Not really, pessimism would be we don't matter and we suck and so does everything else, possibly without the we don't matter part.

I think it would probably be closer to realism, from a non-religious perspective.


----------



## dustinzgirl (Jul 31, 2005)

For me, it does not matter if the cup is half empty or half full.  I still have to wash the ****ing thing.  I am more chaotic-nuetral than anything else, as long as there is work to be done, the optimism and pessimism viewpoints are dissmissible.  The work has to be done, irregardless of continuous nattering about why it should be done, who should do it, and if the consequences outwiegh the profits.  Not to say that consequences should not be examined, however, there is still a point at which the task must be completed.  Optimistic and pessimistic points of view are illogical at best.  They give us the ability to look at actions from a different perspective, however they do not assist in the formation or execution of an action.


----------



## lazygun (Jul 31, 2005)

For me, it does not matter if the cup is half empty or half full. I still have to wash the ****ing thing. 

...backs away slowly.....


----------



## dustinzgirl (Jul 31, 2005)

lazygun said:
			
		

> For me, it does not matter if the cup is half empty or half full. I still have to wash the ****ing thing.
> 
> ...backs away slowly.....



Funny, that is what my kids do when I come home and there are starring  dishes all over the starring house.


----------



## lazygun (Jul 31, 2005)

I'm sure you love your little stars,really.


----------



## Ahdkaw (Aug 15, 2005)

An optimist sees half a pint of milk, he says, it is half-full.
A pessimist sees half a pint of milk, he says, it is half-empty.
I see half a pint of milk, I say it is sour.

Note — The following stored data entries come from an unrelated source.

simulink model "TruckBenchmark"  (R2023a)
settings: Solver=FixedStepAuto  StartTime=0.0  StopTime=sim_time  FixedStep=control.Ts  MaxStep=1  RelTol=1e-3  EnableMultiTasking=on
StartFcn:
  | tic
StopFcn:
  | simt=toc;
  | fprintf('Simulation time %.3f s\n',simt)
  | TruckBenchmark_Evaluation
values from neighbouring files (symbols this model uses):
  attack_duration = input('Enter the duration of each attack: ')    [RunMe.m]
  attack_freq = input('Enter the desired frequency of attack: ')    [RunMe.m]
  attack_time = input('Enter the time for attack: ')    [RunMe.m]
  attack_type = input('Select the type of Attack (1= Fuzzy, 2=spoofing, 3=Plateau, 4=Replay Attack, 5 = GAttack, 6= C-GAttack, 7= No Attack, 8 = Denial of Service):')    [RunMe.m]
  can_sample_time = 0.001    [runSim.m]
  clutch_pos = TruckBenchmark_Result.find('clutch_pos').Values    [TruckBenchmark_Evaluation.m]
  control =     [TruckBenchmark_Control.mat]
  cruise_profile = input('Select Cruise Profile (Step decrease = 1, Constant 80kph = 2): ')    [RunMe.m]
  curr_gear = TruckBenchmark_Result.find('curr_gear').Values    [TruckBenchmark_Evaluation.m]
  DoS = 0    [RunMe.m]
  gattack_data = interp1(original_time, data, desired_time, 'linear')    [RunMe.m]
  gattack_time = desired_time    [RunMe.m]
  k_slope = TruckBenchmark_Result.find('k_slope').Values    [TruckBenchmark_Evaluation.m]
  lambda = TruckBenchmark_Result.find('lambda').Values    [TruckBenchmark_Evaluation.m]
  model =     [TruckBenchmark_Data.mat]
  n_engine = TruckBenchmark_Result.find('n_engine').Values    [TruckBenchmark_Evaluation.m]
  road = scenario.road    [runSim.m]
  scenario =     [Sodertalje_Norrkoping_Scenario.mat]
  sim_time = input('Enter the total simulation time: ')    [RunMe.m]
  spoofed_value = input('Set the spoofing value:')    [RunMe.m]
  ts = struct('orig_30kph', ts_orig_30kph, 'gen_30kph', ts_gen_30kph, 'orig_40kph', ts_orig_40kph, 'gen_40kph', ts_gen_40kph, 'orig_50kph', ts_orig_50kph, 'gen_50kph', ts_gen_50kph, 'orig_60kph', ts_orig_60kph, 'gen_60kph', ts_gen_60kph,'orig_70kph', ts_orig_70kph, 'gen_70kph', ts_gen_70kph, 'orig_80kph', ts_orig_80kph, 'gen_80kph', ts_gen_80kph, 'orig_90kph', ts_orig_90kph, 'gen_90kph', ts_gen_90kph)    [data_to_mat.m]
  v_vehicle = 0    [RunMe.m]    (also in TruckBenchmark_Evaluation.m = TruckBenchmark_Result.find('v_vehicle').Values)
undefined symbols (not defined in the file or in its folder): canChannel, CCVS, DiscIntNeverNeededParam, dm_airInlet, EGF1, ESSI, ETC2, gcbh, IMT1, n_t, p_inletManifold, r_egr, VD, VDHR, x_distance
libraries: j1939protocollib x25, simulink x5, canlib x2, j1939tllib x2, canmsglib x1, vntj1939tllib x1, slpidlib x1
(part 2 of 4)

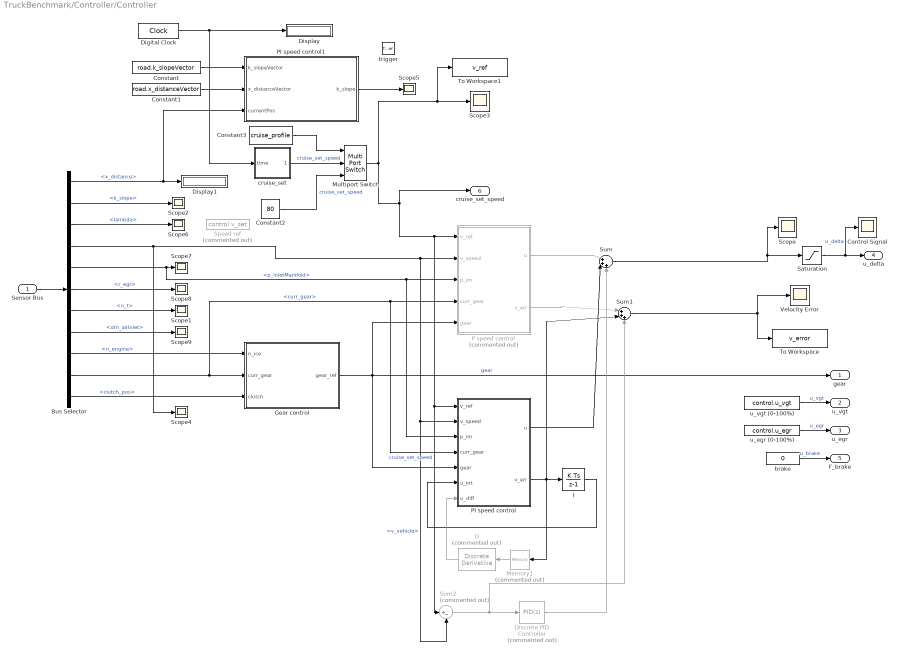
== system TruckBenchmark/Controller/Controller ==
  Sensor Bus : Inport
  trigger : TriggerPort  TriggerType=function-call  VariantControl=(inherit)  PortDimensions=1
  Bus Selector : BusSelector  OutputSignals=x_distance,k_slope,lambda,v_vehicle,p_inletManifold,r_egr,n_t,dm_airInlet,n_engine,curr_gear,clutch_pos
  Constant : Constant  Value=road.k_slopeVector
  Constant1 : Constant  Value=road.x_distanceVector
  Constant2 : Constant  Value=80
  Constant3 : Constant  Value=cruise_profile
  Control Signal : Scope
  D : simulink/Discrete/Discrete Derivative  Commented=on  gainval=1.0  ICPrevScaledInput=0.0  OutMin=[]  OutMax=[]  OutDataType=fixdt(1, 16)  OutScaling=2^-10  DoSatur=off
  Digital Clock : DigitalClock  SampleTime=-1
  Discrete PID Controller : slpidlib/PID Controller  Commented=on  Controller=PID  Form=Parallel  TimeDomain=Discrete-time  UseExternalTs=off  SampleTime=-1  IntegratorMethod=Forward Euler  FilterMethod=Forward Euler  ControllerParametersSource=internal  P=300  I=150  UseKiTs=off  D=0  N=1  UseFilter=on  TunerSelectOption=Transfer Function Based (PID Tuner App)  InitialConditionSource=internal  InitialConditionForIntegrator=0  InitialConditionForFilter=0  DifferentiatorICPrevScaledInput=0  ExternalReset=none  TrackingMode=off  Kt=1  LimitOutput=off  SatLimitsSource=internal  UpperSaturationLimit=inf  LowerSaturationLimit=-inf  LinearizeAsGain=off  AntiWindupMode=none  Kb=1  LimitIntegrator=off  UpperIntegratorSaturationLimit=inf  LowerIntegratorSaturationLimit=-inf  POutMin=[]  POutMax=[]  IOutMin=[]  IOutMax=[]  DOutMin=[]  DOutMax=[]  NOutMin=[]  NOutMax=[]  SumOutMin=[]  SumOutMax=[]  SaturationOutMin=[]  SaturationOutMax=[]  PParamMin=[]  PParamMax=[]  IParamMin=[]  IParamMax=[]  DParamMin=[]  DParamMax=[]  NParamMin=[]  NParamMax=[]  KbParamMin=[]  KbParamMax=[]  KtParamMin=[]  KtParamMax=[]  KbOutMin=[]  KbOutMax=[]  KtOutMin=[]  KtOutMax=[]  IntegratorOutMin=[]  IntegratorOutMax=[]  FilterOutMin=[]  FilterOutMax=[]  SumI1OutMin=[]  SumI1OutMax=[]  SumI2OutMin=[]  SumI2OutMax=[]  SumI3OutMin=[]  SumI3OutMax=[]  SumI4OutMin=[]  SumI4OutMax=[]  SumDOutMin=[]  SumDOutMax=[]  DifferentiatorOutMin=[]  DifferentiatorOutMax=[]  FilterDiffOutCoefMin=[]  FilterDiffOutCoefMax=[]  ReciprocalOutMin=[]  ReciprocalOutMax=[]  SumDenOutMin=[]  SumDenOutMax=[]  SumNumOutMin=[]  SumNumOutMax=[]  DivideOutMin=[]  DivideOutMax=[]  UdiffTsProdOutMin=[]  UdiffTsProdOutMax=[]  NTsProdOutMin=[]  NTsProdOutMax=[]  UintegralTsProdOutMin=[]  UintegralTsProdOutMax=[]  UngainTsProdOutMin=[]  UngainTsProdOutMax=[]  ClampingZeroOutDataTypeStr=Inherit: Inherit via back propagation  ClampingZeroOutMin=[]  ClampingZeroOutMax=[]  FilterDenConstantOutDataTypeStr=Inherit: Inherit via back propagation  FilterDenConstantOutMin=[]  FilterDenConstantOutMax=[]  PCopyOutDataTypeStr=Inherit: Inherit via back propagation  PCopyOutMin=[]  PCopyOutMax=[]  NCopyOutDataTypeStr=Inherit: Inherit via back propagation  NCopyOutMin=[]  NCopyOutMax=[]  IntegratorContinuousStateAttributes=''  IntegratorStateMustResolveToSignalObject=off  IntegratorRTWStateStorageClass=Auto  FilterContinuousStateAttributes=''  FilterStateMustResolveToSignalObject=off  FilterRTWStateStorageClass=Auto  ParallelPVariant=InternalParameters  IdealPVariant=Disabled  IVariant=InternalParameters  DVariant=InternalParameters  IntegratorVariant=Discrete  SatVariant=Disabled  AWVariant=Passthrough  PCopyVariant=Disabled  TRVariant=Disabled  FdbkBlocksVariant=Forward  IdealPFdbkVariant=Disabled  SatFdbkVariant=Disabled  DerivativeFilterVariant=ForwardEulerFilter  NVariant=InternalParameters  NCopyVariant=Disabled  FilterICVariant=InternalICsFilter  IntegratorICVariant=InternalICs  ExternalResetVariant=Disabled  TRSumVariant=Passthrough  SumFdbkVariant=Disabled  SumVariant=Sum_PID  TsampFilterVariant=InternalTs  TsampNgainVariant=Passthrough  TsampIntegralVariant=Disabled_SignalSpec  ExternalSaturationOutDataTypeStr=Inherit: Same as second input
      settings: LibrarySourceBlock=simulink/Discrete/Discrete PID Controller
  Display : Display
  Display1 : Display
  Gear control : MATLAB Function  TreatAsAtomicUnit=on
  I : DiscreteIntegrator  SampleTime=-1  ICPrevOutput=DiscIntNeverNeededParam  ICPrevScaledInput=DiscIntNeverNeededParam
  Memory1 : Memory  Commented=on  InitialCondition=40  InheritSampleTime=on
  Multiport Switch : MultiPortSwitch  Inputs=2  SaturateOnIntegerOverflow=off  InputSameDT=off
  P speed control : MATLAB Function  Commented=on  TreatAsAtomicUnit=on
  PI speed control : MATLAB Function  TreatAsAtomicUnit=on
  PI speed control1 : MATLAB Function  TreatAsAtomicUnit=on
  Saturation : Saturate  UpperLimit=300  LowerLimit=0
  Scope{,1..9} (10 alike) : Scope
  Speed ref : Constant  Commented=on  Value=control.v_set
  Sum : Sum  Inputs=|+++
  Sum1 : Sum  Inputs=|+++
  Sum2 : Sum  Commented=on  Inputs=|+-
  To Workspace : ToWorkspace  VariableName=v_error  SampleTime=-1
  To Workspace1 : ToWorkspace  VariableName=v_ref  SaveFormat=Timeseries  SampleTime=-1
  Velocity Error : Scope
  brake : Constant  Value=0
  cruise_set : MATLAB Function  TreatAsAtomicUnit=on
  u_egr (0-100%) : Constant  Value=control.u_egr
  u_vgt (0-100%) : Constant  Value=control.u_vgt
  gear : Outport  InitialOutput=0
  u_vgt : Outport  Port=2  InitialOutput=0
  u_egr : Outport  Port=3  InitialOutput=0
  u_delta : Outport  Port=4  InitialOutput=0
  F_brake : Outport  Port=5  InitialOutput=0
  cruise_set_speed : Outport  Port=6  InitialOutput=0
  wires:
  Saturation/1 -> Control Signal/1, u_delta/1  "u_delta"
  u_vgt (0-100%)/1 -> u_vgt/1  "u_vgt"
  u_egr (0-100%)/1 -> u_egr/1  "u_egr"
  brake/1 -> F_brake/1  "u_brake"
  Digital Clock/1 -> cruise_set/1(time), Display/1
  Constant/1 -> PI speed control1/1(k_slopeVector)
  Constant1/1 -> PI speed control1/2(x_distanceVector)
  PI speed control1/1(k_slope) -> Scope5/1
  Sensor Bus/1 -> Bus Selector/1
  Bus Selector/5 -> Scope7/1, PI speed control/3(p_im), P speed control/3(p_im)  "<p_inletManifold>"
  Bus Selector/3 -> Scope6/1  "<lambda>"
  Bus Selector/1 -> Display1/1, PI speed control1/3(currentPos)  "<x_distance>"
  Bus Selector/6 -> Scope8/1  "<r_egr>"
  Bus Selector/2 -> Scope2/1  "<k_slope>"
  Bus Selector/8 -> Scope9/1  "<dm_airInlet>"
  Bus Selector/9 -> Gear control/1(n_ice)  "<n_engine>"
  Bus Selector/4 -> Scope4/1, Sum2/2, PI speed control/2(v_speed), P speed control/2(v_speed)  "<v_vehicle>"
  Bus Selector/7 -> Scope1/1  "<n_t>"
  Bus Selector/10 -> Gear control/2(curr_gear), PI speed control/4(curr_gear), P speed control/4(curr_gear)  "<curr_gear>"
  Gear control/1(gear_ref) -> PI speed control/5(gear), gear/1, P speed control/5(gear)  "gear"
  Bus Selector/11 -> Gear control/3(clutch)  "<clutch_pos>"
  Sum1/1 -> To Workspace/1, Velocity Error/1
  Multiport Switch/1 -> cruise_set_speed/1, P speed control/1(v_ref), PI speed control/1(v_ref), Sum2/1, Scope3/1, To Workspace1/1  "cruise_set_speed"
  Sum/1 -> Saturation/1, Scope/1
  P speed control/1(u) -> Sum/1
  PI speed control/1(u) -> Sum/2
  P speed control/2(v_err) -> Sum1/1
  PI speed control/2(v_err) -> I/1, Memory1/1, Sum1/2
  I/1 -> PI speed control/6(u_int)
  Sum2/1 -> Sum1/3, Discrete PID Controller/1
  Discrete PID Controller/1 -> Sum/3
  D/1 -> PI speed control/7(u_diff)
  Memory1/1 -> D/1
  cruise_set/1(cruise_set_speed) -> Multiport Switch/2  "cruise_set_speed"
  Constant2/1 -> Multiport Switch/3  "cruise_set_speed"
  Constant3/1 -> Multiport Switch/1

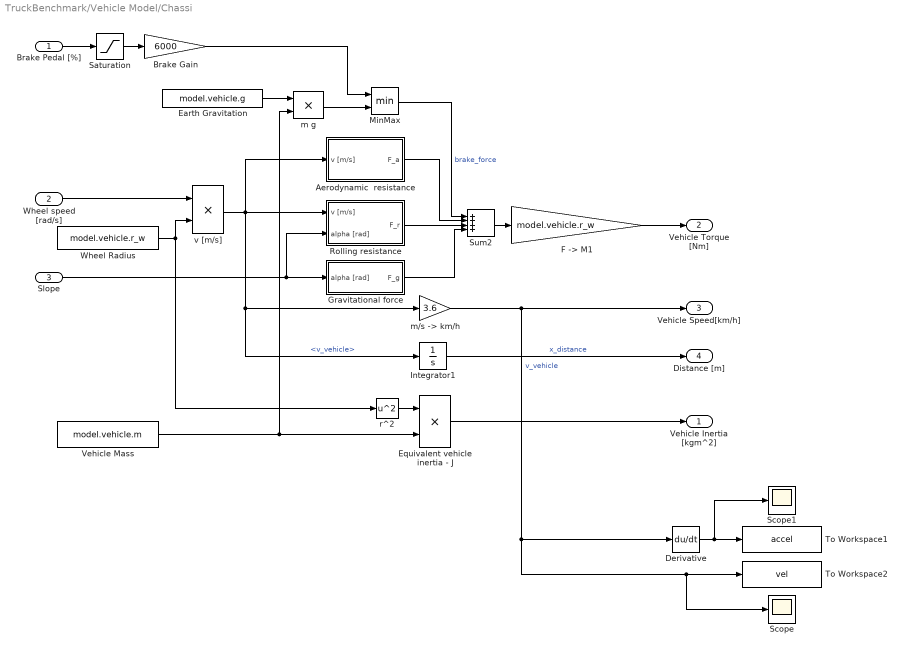
== system TruckBenchmark/Vehicle Model/Chassi ==
  Brake Pedal [%] : Inport
  Wheel speed [rad/s] : Inport  Port=2
  Slope : Inport  Port=3
  Aerodynamic  resistance : Subsystem  mask(Air Drag Subsystem){C_d=model.vehicle.C_d, rho=model.vehicle.rho, Area=model.vehicle.A}
      mask prompts: C_d "C_d - Drag Coefficient  [-]"; rho "rho - Air density [kg/m^3]"; Area "A - Area [m^2]"
      mask help:
      | Calculates the air drag given input vehicle velocity, v, constant values on
      | cross section area, A, drag coefficient, C_d, and air density, rho.
      |
      | Implemented Equation:
      | F_a=0.5 rho C_d A v^2
  Brake Gain : Gain  Gain=6000  SaturateOnIntegerOverflow=on  OutDataTypeStr=Inherit: Same as input  ParamDataTypeStr=Inherit: Same as input
  Derivative : Derivative
  Earth Gravitation : Constant  Value=model.vehicle.g
  Equivalent vehicle inertia - J : Product  SaturateOnIntegerOverflow=on  OutDataTypeStr=Inherit: Same as first input
  "F -> M1" : Gain  Gain=model.vehicle.r_w  SaturateOnIntegerOverflow=on  OutDataTypeStr=Inherit: Same as input  ParamDataTypeStr=Inherit: Same as input
  Gravitational force : Subsystem  mask(Rolling resistance subsystem){m=model.vehicle.m, g=model.vehicle.g}
      mask prompts: m "m - Vehicle mass"; g "g - Gravity of Earth"
      mask help:
      | Calculates the gravitational force given the road slope, alpha, as input
      | and constants for vehicle mass, m, and earth gravitation.
      |
      | Model Equation:
      | F_r = m g sin(alpha)
  Integrator1 : Integrator  LimitOutput=on  LowerSaturationLimit=0
  MinMax : MinMax  Inputs=2
  Rolling resistance : Subsystem  mask(Rolling resistance subsystem){m=model.vehicle.m, g=model.vehicle.g, c_r0=model.vehicle.c_r0, c_r1=model.vehicle.c_r1}
      mask prompts: m "m - Vehicle massm"; g "g - Gravity of Earth"; c_r0 "c_r0 - Rolling resistance coeff"; c_r1 "c_r1 - Rolling resistanc coeff"
      mask help:
      | Calculates the rolling resistance force of a vehicle of mass, m, at
      | vehicle speed, v.
      |
      | Model Equation:
      | F_r = m g cos(alpha) (c_r0 + c_r1 v)
  Saturation : Saturate  UpperLimit=100  LowerLimit=0
  Scope : Scope
  Scope1 : Scope
  Sum2 : Sum  Inputs=++++  SaturateOnIntegerOverflow=on
  To Workspace1 : ToWorkspace  VariableName=accel  SampleTime=-1
  To Workspace2 : ToWorkspace  VariableName=vel  SampleTime=-1
  Vehicle Mass : Constant  Value=model.vehicle.m
  Wheel Radius : Constant  Value=model.vehicle.r_w
  m g : Product  SaturateOnIntegerOverflow=on  OutDataTypeStr=Inherit: Same as first input
  "m/s -> km/h" : Gain  Gain=3.6  SaturateOnIntegerOverflow=on  OutDataTypeStr=Inherit: Same as input  ParamDataTypeStr=Inherit: Same as input
  r^2 : Math  Operator=square  SignedPower=on
  v [m/s] : Product  SaturateOnIntegerOverflow=on  OutDataTypeStr=Inherit: Same as first input
  Vehicle Inertia [kgm^2] : Outport  VectorParamsAs1DForOutWhenUnconnected=off
  Vehicle Torque [Nm] : Outport  Port=2  VectorParamsAs1DForOutWhenUnconnected=off
  Vehicle Speed[km/h] : Outport  Port=3  VectorParamsAs1DForOutWhenUnconnected=off
  Distance [m] : Outport  Port=4  VectorParamsAs1DForOutWhenUnconnected=off
  wires:
  Brake Pedal [%]/1 -> Saturation/1
  Wheel Radius/1 -> r^2/1, v [m/s]/2
  "m/s -> km/h"/1 -> Scope/1, To Workspace2/1, Derivative/1, Vehicle Speed[km/h]/1  "v_vehicle"
  "F -> M1"/1 -> Vehicle Torque [Nm]/1
  Equivalent vehicle inertia - J/1 -> Vehicle Inertia [kgm^2]/1
  Wheel speed [rad/s]/1 -> v [m/s]/1
  Sum2/1 -> "F -> M1"/1
  Slope/1 -> Rolling resistance/2(alpha [rad]), Gravitational force/1(alpha [rad])
  r^2/1 -> Equivalent vehicle inertia - J/1
  Vehicle Mass/1 -> m g/2, Equivalent vehicle inertia - J/2
  Integrator1/1 -> Distance [m]/1  "x_distance"
  Brake Gain/1 -> MinMax/1
  m g/1 -> MinMax/2
  Earth Gravitation/1 -> m g/1
  Saturation/1 -> Brake Gain/1
  MinMax/1 -> Sum2/1  "brake_force"
  Aerodynamic  resistance/1(F_a) -> Sum2/2
  Rolling resistance/1(F_r) -> Sum2/3
  Gravitational force/1(F_g) -> Sum2/4
  v [m/s]/1 -> Aerodynamic  resistance/1(v [m/s]), Rolling resistance/1(v [m/s]), Integrator1/1, "m/s -> km/h"/1  "<v_vehicle>"
  Derivative/1 -> Scope1/1, To Workspace1/1

== system TruckBenchmark/Vehicle Model/Clutch and Transmission ==
  M_e [Nm] : Inport
  Gear : Inport  Port=2
  Clutch Pos [0...1] : Inport  Port=3
  J_e : Inport  Port=4
  M_veh [Nm] : Inport  Port=5
  J_veh : Inport  Port=6
  Clutch Transfer : Subsystem
  Engine Dynamics : Subsystem
  Final Drive gear ratio : Gain  Gain=model.transmission.i_f
  Gear box gear ratios : Lookup  InputValues=model.transmission.r_gearNumbers  Table=model.transmission.r_gearRatios
  Mux : Mux  Inputs=5
  Speed Difference Clutch Limits : Subsystem
  Vehicle Dynamics : Subsystem
  w_e [rad/s] : Outport  VectorParamsAs1DForOutWhenUnconnected=off
  w_wheel [rad/s] : Outport  Port=2  VectorParamsAs1DForOutWhenUnconnected=off
  wires:
  M_e [Nm]/1 -> Engine Dynamics/2(Tq_e), Mux/1
  J_e/1 -> Engine Dynamics/3(J_e), Mux/2
  Gear/1 -> Gear box gear ratios/1
  M_veh [Nm]/1 -> Vehicle Dynamics/2(Tq_veh), Mux/3
  J_veh/1 -> Vehicle Dynamics/3(J_v), Mux/4
  Clutch Pos [0...1]/1 -> Speed Difference Clutch Limits/1(Clutch [0...1])
  Engine Dynamics/1(w_e) -> w_e [rad/s]/1, Speed Difference Clutch Limits/2(w_e)  "omega_e"
  Clutch Transfer/1(M_c) -> Vehicle Dynamics/1(Tq_c), Engine Dynamics/1(Tq_c)  "M_c"
  Mux/1 -> Clutch Transfer/3(Insignals)
  Speed Difference Clutch Limits/1(Clutch Locked) -> Clutch Transfer/2(Clutch Locked)  "cl_lock"
  Speed Difference Clutch Limits/2(M_c_max) -> Clutch Transfer/1(Tq_c_max)  "M_c_max"
  Vehicle Dynamics/1(w_wheel) -> w_wheel [rad/s]/1, Speed Difference Clutch Limits/3(w_wheel)  "omega_w"
  Gear box gear ratios/1 -> Final Drive gear ratio/1
  Final Drive gear ratio/1 -> Speed Difference Clutch Limits/4(Gear ratio), Vehicle Dynamics/4(Gear ratio), Mux/5

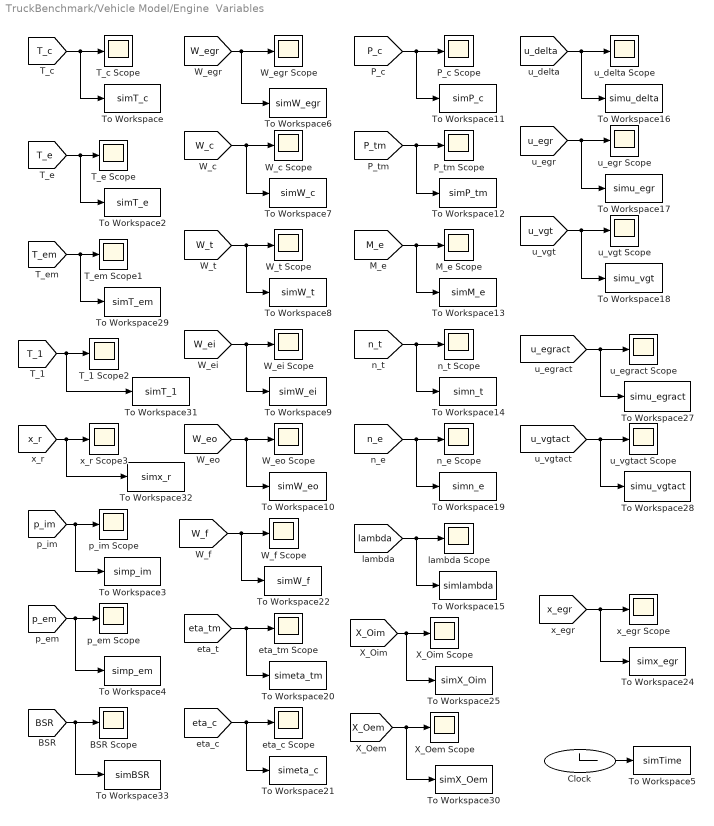
== system TruckBenchmark/Vehicle Model/Engine  Variables ==
  BSR Scope : Scope
  Clock : Clock
  M_e Scope : Scope
  P_c Scope : Scope
  P_tm Scope : Scope
  T_1 Scope2 : Scope
  T_c Scope : Scope
  T_e Scope : Scope
  T_em Scope1 : Scope
  To Workspace : ToWorkspace  VariableName=simT_c  SampleTime=-1
  To Workspace10 : ToWorkspace  VariableName=simW_eo  SampleTime=-1
  To Workspace11 : ToWorkspace  VariableName=simP_c  SampleTime=-1
  To Workspace12 : ToWorkspace  VariableName=simP_tm  SampleTime=-1
  To Workspace13 : ToWorkspace  VariableName=simM_e  SampleTime=-1
  To Workspace14 : ToWorkspace  VariableName=simn_t  SampleTime=-1
  To Workspace15 : ToWorkspace  VariableName=simlambda  SampleTime=-1
  To Workspace16 : ToWorkspace  VariableName=simu_delta  SampleTime=-1
  To Workspace17 : ToWorkspace  VariableName=simu_egr  SampleTime=-1
  To Workspace18 : ToWorkspace  VariableName=simu_vgt  SampleTime=-1
  To Workspace19 : ToWorkspace  VariableName=simn_e  SampleTime=-1
  To Workspace2 : ToWorkspace  VariableName=simT_e  SampleTime=-1
  To Workspace20 : ToWorkspace  VariableName=simeta_tm  SampleTime=-1
  To Workspace21 : ToWorkspace  VariableName=simeta_c  SampleTime=-1
  To Workspace22 : ToWorkspace  VariableName=simW_f  SampleTime=-1
  To Workspace24 : ToWorkspace  VariableName=simx_egr  SampleTime=-1
  To Workspace25 : ToWorkspace  VariableName=simX_Oim  SampleTime=-1
  To Workspace27 : ToWorkspace  VariableName=simu_egract  SampleTime=-1
  To Workspace28 : ToWorkspace  VariableName=simu_vgtact  SampleTime=-1
  To Workspace29 : ToWorkspace  VariableName=simT_em  SampleTime=-1
  To Workspace3 : ToWorkspace  VariableName=simp_im  SampleTime=-1
  To Workspace30 : ToWorkspace  VariableName=simX_Oem  SampleTime=-1
  To Workspace31 : ToWorkspace  VariableName=simT_1  SampleTime=-1
  To Workspace32 : ToWorkspace  VariableName=simx_r  SampleTime=-1
  To Workspace33 : ToWorkspace  VariableName=simBSR  SampleTime=-1
  To Workspace4 : ToWorkspace  VariableName=simp_em  SampleTime=-1
  To Workspace5 : ToWorkspace  VariableName=simTime  SampleTime=-1
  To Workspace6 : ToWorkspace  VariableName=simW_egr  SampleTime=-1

_Stolen from Jacques "Jacques" Liverot, The Day Today_


----------



## cyborg_cinema (Aug 15, 2005)

The poll reminds how much the cup has been left half empty. But if it should be half full, why not full? Fill that sucker up.


----------



## lucifer_principle (Aug 15, 2005)

Pessimists cause the most trouble of the two(e.g Hitler), but Hitler was an optimist as well. A little bit of both is needed in every scenario. A pessimists is also an optimist and an optimist is also a pessimist. If I say I hate the way the world is I am a pessimist because I am optimistic on my own self delusional world view and ideas alone. If I pay hundreds of dollars on the roulette table I am optmistic because the situation appears to be a pessimistic one. Basically if you don't like something you must have compared it with your own ideals. You can't have one without the other I guess. Personally, I am an optimist because I am never satisfied...Oh I guess you could call that being pessimist.LOL


----------



## cyborg_cinema (Aug 15, 2005)

lucifer_principle said:
			
		

> If I say I hate the way the world is I am a pessimist because I am optimistic on my own self delusional world view and ideas alone.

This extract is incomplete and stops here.